- [Input data]:
..............................

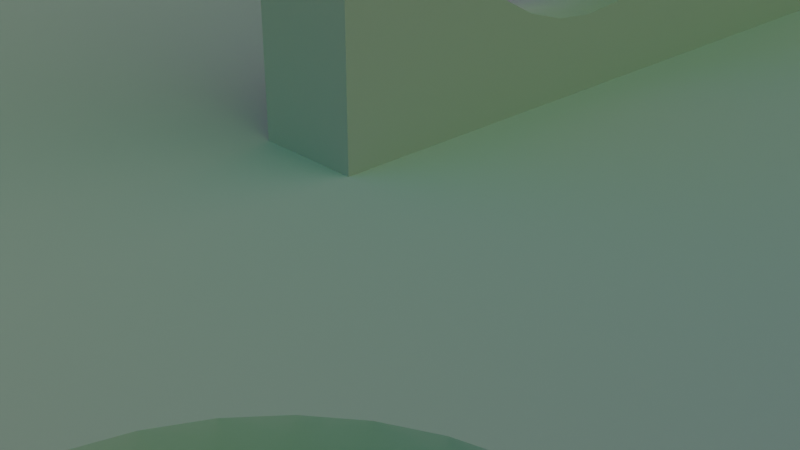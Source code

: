 # Source: sundial.blend  (saved by Blender 2.81.16; exported with 4.5.12 LTS)
import bpy
from mathutils import Matrix  # noqa: F401  (used for matrix-valued properties, if any)

bpy.ops.wm.read_factory_settings(use_empty=True)
scene = bpy.context.scene
scene.name = 'Scene'

# ---- collections
col_collection = bpy.data.collections.new('Collection'); scene.collection.children.link(col_collection)

# ---- images (referenced by path relative to the original .blend; pixels are not part of the script)
import os
ASSET_DIR = os.environ.get("B2B_ASSET_DIR", "")  # directory of the original .blend (textures are referenced by path, not embedded)
HERE = os.path.dirname(os.path.abspath(__file__))  # packed textures are extracted next to this script under _unpacked/

def load_image(name, relpath, width, height, colorspace="sRGB"):
    """Load a texture the original file referenced (path relative to the .blend, or extracted next to this script)."""
    p = next((c for c in (os.path.join(HERE, relpath), os.path.join(ASSET_DIR, relpath)) if relpath and os.path.exists(c)), "")
    if p:
        img = bpy.data.images.load(p, check_existing=True)
        img.name = name
    else:  # same state as the original file: an image datablock whose file is absent (Cycles renders it pink)
        img = bpy.data.images.new(name, width, height)
        img.source = "FILE"
        img.filepath = "//" + (relpath or name)
    img.colorspace_settings.name = colorspace
    return img
img_linear_terms_bake = load_image('linear_terms_bake', '9-channel-bakes/linear_terms_bake1.png', 1024, 1024, 'Linear Rec.709')
img_square_terms_bake = load_image('square_terms_bake', '9-channel-bakes/square_terms_bake1.png', 1024, 1024, 'Linear Rec.709')
img_cross_terms_bake_001 = load_image('cross_terms_bake.001', '9-channel-bakes/cross_terms_bake1.png', 1024, 1024, 'Linear Rec.709')

# ---- materials (node trees are filled in below, after node groups)
mat_material = bpy.data.materials.new('Material')
mat_material.alpha_threshold = 0.0
mat_material.line_color = (0.0, 0.0, 0.0, 1.0)
mat_material_003 = bpy.data.materials.new('Material.003')

# ---- material node trees
mat_material.use_nodes = True; mat_material.node_tree.nodes.clear()
_N = mat_material.node_tree.nodes; _L = mat_material.node_tree.links
n0 = _N.new('ShaderNodeOutputMaterial'); n0.name = 'Material Output'; n0.location = (300, 300)
n1 = _N.new('ShaderNodeBsdfDiffuse'); n1.name = 'Diffuse BSDF'; n1.location = (20, 269)
n1.inputs[0].default_value = (0.3316, 0.3316, 0.3316, 1.0)
n1.inputs[1].default_value = 1.0
n2 = _N.new('ShaderNodeTexImage'); n2.name = 'linear terms bake'; n2.location = (-641, 604)
n2.image = img_linear_terms_bake
n3 = _N.new('ShaderNodeTexImage'); n3.name = 'square terms bake'; n3.location = (-352, 610)
n3.image = img_square_terms_bake
n4 = _N.new('ShaderNodeTexImage'); n4.name = 'Image Texture'; n4.location = (-43, 605)
n4.label = 'cross bake target'
n4.image = img_cross_terms_bake_001
_L.new(n1.outputs[0], n0.inputs[0])
n0.is_active_output = True
mat_material_003.use_nodes = True; mat_material_003.node_tree.nodes.clear()
_N = mat_material_003.node_tree.nodes; _L = mat_material_003.node_tree.links
n0 = _N.new('NodeFrame'); n0.name = 'Frame.001'; n0.location = (700, 595)
n0.width = 369
n1 = _N.new('NodeFrame'); n1.name = 'Frame.002'; n1.location = (-865, 607)
n1.width = 365
n2 = _N.new('NodeFrame'); n2.name = 'Example Frame'; n2.location = (-303, 1126)
n2.label = 'example'
n2.width = 829
n3 = _N.new('NodeFrame'); n3.name = 'cross terms frame'; n3.location = (-312, 233)
n3.label = 'cross terms'
n3.width = 758
n4 = _N.new('NodeFrame'); n4.name = 'linear gradient frame'; n4.location = (-301, 732)
n4.label = 'linear gradient'
n4.width = 379
n5 = _N.new('NodeFrame'); n5.name = 'square terms frame'; n5.location = (-309, 448)
n5.label = 'square terms'
n5.width = 200
n6 = _N.new('ShaderNodeEmission'); n6.name = 'Emission'; n6.location = (30, -35)
n7 = _N.new('ShaderNodeOutputMaterial'); n7.name = 'Material Output'; n7.location = (199, -30)
n8 = _N.new('ShaderNodeNewGeometry'); n8.name = 'Geometry'; n8.location = (30, -30)
n9 = _N.new('ShaderNodeVectorMath'); n9.name = 'Vector Math.004'; n9.location = (195, -30)
n9.operation = 'NORMALIZE'
n10 = _N.new('ShaderNodeVectorMath'); n10.name = 'Vector Math.003'; n10.location = (30, -30)
n10.operation = 'DOT_PRODUCT'
n10.inputs[1].default_value = (1.0, 0.0, 0.0)
n11 = _N.new('ShaderNodeMath'); n11.name = 'Math.004'; n11.location = (193, -37)
n11.inputs[1].default_value = 1.0
n12 = _N.new('ShaderNodeMath'); n12.name = 'Math.003'; n12.location = (347, -47)
n12.operation = 'MULTIPLY'
n13 = _N.new('ShaderNodeMath'); n13.name = 'Math.001'; n13.location = (497, -41)
n13.operation = 'MULTIPLY'
n14 = _N.new('ShaderNodeMath'); n14.name = 'Math'; n14.location = (659, -40)
n14.inputs[1].default_value = -3.725e-09
n15 = _N.new('ShaderNodeCombineXYZ'); n15.name = 'Combine XYZ'; n15.location = (423, -193)
n16 = _N.new('ShaderNodeMath'); n16.name = 'Math.006'; n16.location = (241, -370)
n16.operation = 'MULTIPLY'
n17 = _N.new('ShaderNodeMath'); n17.name = 'Math.005'; n17.location = (241, -205)
n17.operation = 'MULTIPLY'
n18 = _N.new('ShaderNodeMath'); n18.name = 'Math.002'; n18.location = (244, -30)
n18.operation = 'MULTIPLY'
n19 = _N.new('ShaderNodeSeparateXYZ'); n19.name = 'Separate XYZ'; n19.location = (30, -208)
n20 = _N.new('ShaderNodeVectorMath'); n20.name = 'Vector Math.001'; n20.location = (209, -31)
n20.operation = 'MULTIPLY'
n20.inputs[1].default_value = (0.5, 0.5, 0.5)
n21 = _N.new('ShaderNodeVectorMath'); n21.name = 'Vector Math'; n21.location = (30, -30)
n21.inputs[1].default_value = (1.0, 1.0, 1.0)
n22 = _N.new('ShaderNodeVectorMath'); n22.name = 'Vector Math.002'; n22.location = (30, -30)
n22.operation = 'MULTIPLY'
n23 = _N.new('ShaderNodeVectorMath'); n23.name = 'Vector Math.005'; n23.location = (588, -142)
n23.inputs[1].default_value = (0.5, 0.5, 0.5)
n6.parent = n0
n7.parent = n0
n8.parent = n1
n9.parent = n1
n10.parent = n2
n11.parent = n2
n12.parent = n2
n13.parent = n2
n14.parent = n2
n15.parent = n3
n16.parent = n3
n17.parent = n3
n18.parent = n3
n19.parent = n3
n20.parent = n4
n21.parent = n4
n22.parent = n5
n23.parent = n3
_L.new(n6.outputs[0], n7.inputs[0])
_L.new(n8.outputs[0], n9.inputs[0])
_L.new(n9.outputs[0], n10.inputs[0])
_L.new(n10.outputs[1], n11.inputs[0])
_L.new(n13.outputs[0], n14.inputs[0])
_L.new(n11.outputs[0], n12.inputs[0])
_L.new(n12.outputs[0], n13.inputs[0])
_L.new(n12.outputs[0], n13.inputs[1])
_L.new(n21.outputs[0], n20.inputs[0])
_L.new(n9.outputs[0], n21.inputs[0])
_L.new(n9.outputs[0], n22.inputs[0])
_L.new(n9.outputs[0], n22.inputs[1])
_L.new(n9.outputs[0], n19.inputs[0])
_L.new(n19.outputs[1], n18.inputs[0])
_L.new(n19.outputs[2], n18.inputs[1])
_L.new(n19.outputs[2], n17.inputs[0])
_L.new(n19.outputs[0], n17.inputs[1])
_L.new(n19.outputs[0], n16.inputs[0])
_L.new(n19.outputs[1], n16.inputs[1])
_L.new(n18.outputs[0], n15.inputs[0])
_L.new(n17.outputs[0], n15.inputs[1])
_L.new(n16.outputs[0], n15.inputs[2])
_L.new(n15.outputs[0], n23.inputs[0])
_L.new(n23.outputs[0], n6.inputs[0])
n7.is_active_output = True

# ---- world
world_world = bpy.data.worlds.new('World'); scene.world = world_world
world_world.use_nodes = True; world_world.node_tree.nodes.clear()
_N = world_world.node_tree.nodes; _L = world_world.node_tree.links
n0 = _N.new('ShaderNodeOutputWorld'); n0.name = 'World Output'; n0.location = (300, 300)
n1 = _N.new('ShaderNodeBackground'); n1.name = 'Background'; n1.location = (10, 300)
n1.inputs[0].default_value = (0.05088, 0.05088, 0.05088, 1.0)
_L.new(n1.outputs[0], n0.inputs[0])
n0.is_active_output = True
world_world.color = (0.05088, 0.05088, 0.05088)
world_world.use_sun_shadow = False
world_world.sun_shadow_jitter_overblur = 0.0

# ---- cameras
cam_camera = bpy.data.cameras.new('Camera')
cam_camera.clip_end = 100.0
cam_camera.ortho_scale = 7.314

# ---- meshes
me_cube = bpy.data.meshes.new('Cube')
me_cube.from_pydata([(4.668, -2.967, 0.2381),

..............................

- [Exercise objective]:
Return only the number of lines above that include the word "height".

- [Exercise result]:
2